• _Problem statement_
Where the records below show a line containing "25.8h-26.7M160 28.4h-26.7M160.7 36.6h1.9v1.3h-1.9l-.7-.6zM184.1", start copying; end with the line containing "54.4v1.3M137.8 56.9v1.3M137.8 59.5v1.2M158.7", and copy it too.

• _Supplied data_
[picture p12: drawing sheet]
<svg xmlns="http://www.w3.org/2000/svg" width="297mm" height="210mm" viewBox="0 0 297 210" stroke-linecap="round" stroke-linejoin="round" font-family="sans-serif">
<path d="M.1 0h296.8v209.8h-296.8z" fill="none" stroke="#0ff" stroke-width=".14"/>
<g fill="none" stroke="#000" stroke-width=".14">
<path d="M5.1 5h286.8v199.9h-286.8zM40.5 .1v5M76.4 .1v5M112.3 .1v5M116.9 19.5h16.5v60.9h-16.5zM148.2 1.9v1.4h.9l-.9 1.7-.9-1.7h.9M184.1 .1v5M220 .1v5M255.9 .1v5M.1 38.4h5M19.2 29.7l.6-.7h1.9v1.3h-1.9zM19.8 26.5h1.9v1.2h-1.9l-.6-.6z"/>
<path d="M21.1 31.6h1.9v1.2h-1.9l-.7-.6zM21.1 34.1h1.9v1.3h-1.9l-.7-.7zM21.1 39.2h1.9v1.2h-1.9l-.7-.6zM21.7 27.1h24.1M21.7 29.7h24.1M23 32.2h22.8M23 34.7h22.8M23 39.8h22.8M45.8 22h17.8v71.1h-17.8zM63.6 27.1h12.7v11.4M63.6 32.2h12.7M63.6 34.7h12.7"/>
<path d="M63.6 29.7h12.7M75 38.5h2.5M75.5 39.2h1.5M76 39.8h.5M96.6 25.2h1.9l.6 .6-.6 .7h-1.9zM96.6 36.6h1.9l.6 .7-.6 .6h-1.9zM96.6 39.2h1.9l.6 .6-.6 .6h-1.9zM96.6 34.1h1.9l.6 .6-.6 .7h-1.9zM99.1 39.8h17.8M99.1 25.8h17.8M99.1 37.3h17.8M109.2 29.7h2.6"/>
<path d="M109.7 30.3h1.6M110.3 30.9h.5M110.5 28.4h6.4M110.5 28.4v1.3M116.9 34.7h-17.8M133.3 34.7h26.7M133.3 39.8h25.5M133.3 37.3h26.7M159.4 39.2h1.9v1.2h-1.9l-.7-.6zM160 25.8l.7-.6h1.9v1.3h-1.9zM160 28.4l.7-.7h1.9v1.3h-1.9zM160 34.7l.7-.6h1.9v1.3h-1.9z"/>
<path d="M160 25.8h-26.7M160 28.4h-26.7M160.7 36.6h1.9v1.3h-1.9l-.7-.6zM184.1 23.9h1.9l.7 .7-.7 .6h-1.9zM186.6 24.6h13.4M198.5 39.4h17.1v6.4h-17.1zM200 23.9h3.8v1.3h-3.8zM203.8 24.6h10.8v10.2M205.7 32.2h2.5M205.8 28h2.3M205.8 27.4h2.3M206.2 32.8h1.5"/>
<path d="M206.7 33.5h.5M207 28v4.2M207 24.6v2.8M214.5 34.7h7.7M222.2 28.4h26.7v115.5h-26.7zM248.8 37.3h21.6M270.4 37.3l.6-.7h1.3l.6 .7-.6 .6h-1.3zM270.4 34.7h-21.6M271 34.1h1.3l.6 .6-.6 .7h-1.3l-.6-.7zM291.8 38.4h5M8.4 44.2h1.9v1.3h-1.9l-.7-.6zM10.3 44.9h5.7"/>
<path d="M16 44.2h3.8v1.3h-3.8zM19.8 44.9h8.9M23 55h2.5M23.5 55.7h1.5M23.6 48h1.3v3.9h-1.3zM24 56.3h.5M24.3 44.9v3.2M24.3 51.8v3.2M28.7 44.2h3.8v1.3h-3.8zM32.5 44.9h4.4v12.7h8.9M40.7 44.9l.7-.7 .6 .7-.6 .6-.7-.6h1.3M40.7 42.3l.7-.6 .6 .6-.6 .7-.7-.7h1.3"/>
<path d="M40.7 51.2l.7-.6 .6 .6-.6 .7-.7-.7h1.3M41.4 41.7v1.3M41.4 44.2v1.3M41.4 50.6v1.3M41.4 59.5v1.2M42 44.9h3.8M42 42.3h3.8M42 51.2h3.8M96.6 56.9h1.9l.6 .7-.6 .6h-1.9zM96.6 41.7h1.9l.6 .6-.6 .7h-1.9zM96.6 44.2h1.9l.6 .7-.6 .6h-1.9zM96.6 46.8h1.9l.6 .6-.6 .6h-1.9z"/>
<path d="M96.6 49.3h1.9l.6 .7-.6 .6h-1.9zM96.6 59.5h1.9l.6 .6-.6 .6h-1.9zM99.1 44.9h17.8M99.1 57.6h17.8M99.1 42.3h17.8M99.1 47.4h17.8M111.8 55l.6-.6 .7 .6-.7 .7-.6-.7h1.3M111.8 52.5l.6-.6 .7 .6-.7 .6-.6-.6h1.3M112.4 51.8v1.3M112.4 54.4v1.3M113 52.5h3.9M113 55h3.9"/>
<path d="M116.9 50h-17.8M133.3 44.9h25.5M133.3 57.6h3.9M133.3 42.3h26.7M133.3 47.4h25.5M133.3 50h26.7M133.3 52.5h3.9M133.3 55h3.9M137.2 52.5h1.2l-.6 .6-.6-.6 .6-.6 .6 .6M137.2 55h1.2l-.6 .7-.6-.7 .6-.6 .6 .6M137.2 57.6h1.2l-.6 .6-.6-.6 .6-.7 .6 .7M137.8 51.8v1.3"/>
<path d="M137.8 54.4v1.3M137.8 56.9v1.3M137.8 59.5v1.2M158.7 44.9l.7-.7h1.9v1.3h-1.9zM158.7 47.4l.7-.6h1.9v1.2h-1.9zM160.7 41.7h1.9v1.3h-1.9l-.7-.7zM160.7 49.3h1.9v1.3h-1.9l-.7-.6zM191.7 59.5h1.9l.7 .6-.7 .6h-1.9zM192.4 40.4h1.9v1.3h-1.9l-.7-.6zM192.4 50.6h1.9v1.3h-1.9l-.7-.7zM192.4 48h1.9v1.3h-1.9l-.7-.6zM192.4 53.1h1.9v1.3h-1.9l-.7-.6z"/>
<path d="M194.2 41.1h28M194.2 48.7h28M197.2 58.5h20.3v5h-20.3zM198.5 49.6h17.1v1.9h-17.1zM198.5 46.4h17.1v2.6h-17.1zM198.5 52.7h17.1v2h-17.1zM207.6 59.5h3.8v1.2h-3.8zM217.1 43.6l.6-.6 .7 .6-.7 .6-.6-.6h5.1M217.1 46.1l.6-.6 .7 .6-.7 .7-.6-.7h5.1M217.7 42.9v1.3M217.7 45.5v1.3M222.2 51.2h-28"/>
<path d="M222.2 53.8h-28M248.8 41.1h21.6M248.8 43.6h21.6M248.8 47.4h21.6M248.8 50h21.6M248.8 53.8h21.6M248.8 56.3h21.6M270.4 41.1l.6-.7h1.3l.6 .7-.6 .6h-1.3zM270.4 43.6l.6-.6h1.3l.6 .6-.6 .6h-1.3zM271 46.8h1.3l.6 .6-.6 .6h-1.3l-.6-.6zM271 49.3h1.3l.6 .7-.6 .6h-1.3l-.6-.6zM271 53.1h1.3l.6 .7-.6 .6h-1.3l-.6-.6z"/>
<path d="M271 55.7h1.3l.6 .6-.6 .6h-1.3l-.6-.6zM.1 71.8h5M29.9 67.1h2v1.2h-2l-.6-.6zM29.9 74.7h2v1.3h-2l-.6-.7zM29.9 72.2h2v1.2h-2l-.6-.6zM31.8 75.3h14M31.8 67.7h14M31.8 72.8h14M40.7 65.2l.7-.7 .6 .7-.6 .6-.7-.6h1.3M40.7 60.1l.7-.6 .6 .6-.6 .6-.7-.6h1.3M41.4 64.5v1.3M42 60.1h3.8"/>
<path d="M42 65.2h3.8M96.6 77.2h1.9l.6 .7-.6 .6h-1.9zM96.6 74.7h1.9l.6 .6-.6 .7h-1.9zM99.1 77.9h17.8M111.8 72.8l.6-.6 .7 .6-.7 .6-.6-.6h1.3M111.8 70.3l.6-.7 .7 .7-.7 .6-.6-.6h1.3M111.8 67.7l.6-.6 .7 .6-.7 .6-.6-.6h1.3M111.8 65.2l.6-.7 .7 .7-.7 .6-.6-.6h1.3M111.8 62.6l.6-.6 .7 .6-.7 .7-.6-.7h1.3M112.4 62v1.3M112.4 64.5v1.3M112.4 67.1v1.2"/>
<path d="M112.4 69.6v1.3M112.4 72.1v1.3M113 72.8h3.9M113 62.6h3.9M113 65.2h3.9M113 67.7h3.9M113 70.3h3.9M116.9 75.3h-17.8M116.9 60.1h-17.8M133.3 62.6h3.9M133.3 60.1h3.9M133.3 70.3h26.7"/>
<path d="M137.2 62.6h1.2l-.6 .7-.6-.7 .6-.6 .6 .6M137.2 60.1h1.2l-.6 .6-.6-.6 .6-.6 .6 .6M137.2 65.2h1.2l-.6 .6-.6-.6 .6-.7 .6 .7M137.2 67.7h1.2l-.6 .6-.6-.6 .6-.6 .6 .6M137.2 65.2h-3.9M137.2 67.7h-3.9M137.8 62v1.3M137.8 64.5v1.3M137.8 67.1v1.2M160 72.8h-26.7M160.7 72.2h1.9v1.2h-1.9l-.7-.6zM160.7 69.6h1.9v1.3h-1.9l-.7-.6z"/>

• _Result for this task_
<path d="M160 25.8h-26.7M160 28.4h-26.7M160.7 36.6h1.9v1.3h-1.9l-.7-.6zM184.1 23.9h1.9l.7 .7-.7 .6h-1.9zM186.6 24.6h13.4M198.5 39.4h17.1v6.4h-17.1zM200 23.9h3.8v1.3h-3.8zM203.8 24.6h10.8v10.2M205.7 32.2h2.5M205.8 28h2.3M205.8 27.4h2.3M206.2 32.8h1.5"/>
<path d="M206.7 33.5h.5M207 28v4.2M207 24.6v2.8M214.5 34.7h7.7M222.2 28.4h26.7v115.5h-26.7zM248.8 37.3h21.6M270.4 37.3l.6-.7h1.3l.6 .7-.6 .6h-1.3zM270.4 34.7h-21.6M271 34.1h1.3l.6 .6-.6 .7h-1.3l-.6-.7zM291.8 38.4h5M8.4 44.2h1.9v1.3h-1.9l-.7-.6zM10.3 44.9h5.7"/>
<path d="M16 44.2h3.8v1.3h-3.8zM19.8 44.9h8.9M23 55h2.5M23.5 55.7h1.5M23.6 48h1.3v3.9h-1.3zM24 56.3h.5M24.3 44.9v3.2M24.3 51.8v3.2M28.7 44.2h3.8v1.3h-3.8zM32.5 44.9h4.4v12.7h8.9M40.7 44.9l.7-.7 .6 .7-.6 .6-.7-.6h1.3M40.7 42.3l.7-.6 .6 .6-.6 .7-.7-.7h1.3"/>
<path d="M40.7 51.2l.7-.6 .6 .6-.6 .7-.7-.7h1.3M41.4 41.7v1.3M41.4 44.2v1.3M41.4 50.6v1.3M41.4 59.5v1.2M42 44.9h3.8M42 42.3h3.8M42 51.2h3.8M96.6 56.9h1.9l.6 .7-.6 .6h-1.9zM96.6 41.7h1.9l.6 .6-.6 .7h-1.9zM96.6 44.2h1.9l.6 .7-.6 .6h-1.9zM96.6 46.8h1.9l.6 .6-.6 .6h-1.9z"/>
<path d="M96.6 49.3h1.9l.6 .7-.6 .6h-1.9zM96.6 59.5h1.9l.6 .6-.6 .6h-1.9zM99.1 44.9h17.8M99.1 57.6h17.8M99.1 42.3h17.8M99.1 47.4h17.8M111.8 55l.6-.6 .7 .6-.7 .7-.6-.7h1.3M111.8 52.5l.6-.6 .7 .6-.7 .6-.6-.6h1.3M112.4 51.8v1.3M112.4 54.4v1.3M113 52.5h3.9M113 55h3.9"/>
<path d="M116.9 50h-17.8M133.3 44.9h25.5M133.3 57.6h3.9M133.3 42.3h26.7M133.3 47.4h25.5M133.3 50h26.7M133.3 52.5h3.9M133.3 55h3.9M137.2 52.5h1.2l-.6 .6-.6-.6 .6-.6 .6 .6M137.2 55h1.2l-.6 .7-.6-.7 .6-.6 .6 .6M137.2 57.6h1.2l-.6 .6-.6-.6 .6-.7 .6 .7M137.8 51.8v1.3"/>
<path d="M137.8 54.4v1.3M137.8 56.9v1.3M137.8 59.5v1.2M158.7 44.9l.7-.7h1.9v1.3h-1.9zM158.7 47.4l.7-.6h1.9v1.2h-1.9zM160.7 41.7h1.9v1.3h-1.9l-.7-.7zM160.7 49.3h1.9v1.3h-1.9l-.7-.6zM191.7 59.5h1.9l.7 .6-.7 .6h-1.9zM192.4 40.4h1.9v1.3h-1.9l-.7-.6zM192.4 50.6h1.9v1.3h-1.9l-.7-.7zM192.4 48h1.9v1.3h-1.9l-.7-.6zM192.4 53.1h1.9v1.3h-1.9l-.7-.6z"/>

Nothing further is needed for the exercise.